Records excerpted from a collection:
--------------------------------

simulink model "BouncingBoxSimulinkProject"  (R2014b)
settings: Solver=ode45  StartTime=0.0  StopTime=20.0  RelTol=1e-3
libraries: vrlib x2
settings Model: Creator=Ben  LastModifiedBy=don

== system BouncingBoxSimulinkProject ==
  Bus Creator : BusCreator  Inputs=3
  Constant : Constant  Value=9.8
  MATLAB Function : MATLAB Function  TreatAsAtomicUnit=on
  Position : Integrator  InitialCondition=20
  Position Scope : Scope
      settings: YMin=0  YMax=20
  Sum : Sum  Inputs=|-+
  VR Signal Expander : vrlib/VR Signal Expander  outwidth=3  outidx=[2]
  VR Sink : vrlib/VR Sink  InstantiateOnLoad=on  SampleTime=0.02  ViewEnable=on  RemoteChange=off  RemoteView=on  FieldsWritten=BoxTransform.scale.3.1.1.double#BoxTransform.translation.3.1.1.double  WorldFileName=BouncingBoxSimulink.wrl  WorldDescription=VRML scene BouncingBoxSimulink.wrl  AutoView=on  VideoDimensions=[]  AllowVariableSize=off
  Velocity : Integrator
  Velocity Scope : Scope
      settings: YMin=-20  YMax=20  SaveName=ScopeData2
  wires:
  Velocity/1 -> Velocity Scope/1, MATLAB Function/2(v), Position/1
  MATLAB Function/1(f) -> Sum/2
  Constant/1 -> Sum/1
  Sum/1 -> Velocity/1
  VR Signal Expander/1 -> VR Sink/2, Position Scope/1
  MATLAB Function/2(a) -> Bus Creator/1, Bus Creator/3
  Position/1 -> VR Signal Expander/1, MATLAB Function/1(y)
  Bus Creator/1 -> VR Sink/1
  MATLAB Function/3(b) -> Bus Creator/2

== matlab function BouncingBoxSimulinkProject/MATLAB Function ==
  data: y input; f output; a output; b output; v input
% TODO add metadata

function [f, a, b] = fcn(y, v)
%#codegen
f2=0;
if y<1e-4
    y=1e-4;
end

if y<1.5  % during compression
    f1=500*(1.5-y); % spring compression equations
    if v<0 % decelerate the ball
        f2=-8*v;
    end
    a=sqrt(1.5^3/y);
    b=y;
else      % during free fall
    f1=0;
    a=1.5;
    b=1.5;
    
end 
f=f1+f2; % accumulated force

--------------------------------

Transcribe all of the data exactly, leaving no line out.

simulink model "BouncingBoxSimulinkProject"  (R2014b)
settings: Solver=ode45  StartTime=0.0  StopTime=20.0  RelTol=1e-3
libraries: vrlib x2
settings Model: Creator=Ben  LastModifiedBy=don

== system BouncingBoxSimulinkProject ==
  Bus Creator : BusCreator  Inputs=3
  Constant : Constant  Value=9.8
  MATLAB Function : MATLAB Function  TreatAsAtomicUnit=on
  Position : Integrator  InitialCondition=20
  Position Scope : Scope
      settings: YMin=0  YMax=20
  Sum : Sum  Inputs=|-+
  VR Signal Expander : vrlib/VR Signal Expander  outwidth=3  outidx=[2]
  VR Sink : vrlib/VR Sink  InstantiateOnLoad=on  SampleTime=0.02  ViewEnable=on  RemoteChange=off  RemoteView=on  FieldsWritten=BoxTransform.scale.3.1.1.double#BoxTransform.translation.3.1.1.double  WorldFileName=BouncingBoxSimulink.wrl  WorldDescription=VRML scene BouncingBoxSimulink.wrl  AutoView=on  VideoDimensions=[]  AllowVariableSize=off
  Velocity : Integrator
  Velocity Scope : Scope
      settings: YMin=-20  YMax=20  SaveName=ScopeData2
  wires:
  Velocity/1 -> Velocity Scope/1, MATLAB Function/2(v), Position/1
  MATLAB Function/1(f) -> Sum/2
  Constant/1 -> Sum/1
  Sum/1 -> Velocity/1
  VR Signal Expander/1 -> VR Sink/2, Position Scope/1
  MATLAB Function/2(a) -> Bus Creator/1, Bus Creator/3
  Position/1 -> VR Signal Expander/1, MATLAB Function/1(y)
  Bus Creator/1 -> VR Sink/1
  MATLAB Function/3(b) -> Bus Creator/2

== matlab function BouncingBoxSimulinkProject/MATLAB Function ==
  data: y input; f output; a output; b output; v input
% TODO add metadata

function [f, a, b] = fcn(y, v)
%#codegen
f2=0;
if y<1e-4
    y=1e-4;
end

if y<1.5  % during compression
    f1=500*(1.5-y); % spring compression equations
    if v<0 % decelerate the ball
        f2=-8*v;
    end
    a=sqrt(1.5^3/y);
    b=y;
else      % during free fall
    f1=0;
    a=1.5;
    b=1.5;
    
end 
f=f1+f2; % accumulated force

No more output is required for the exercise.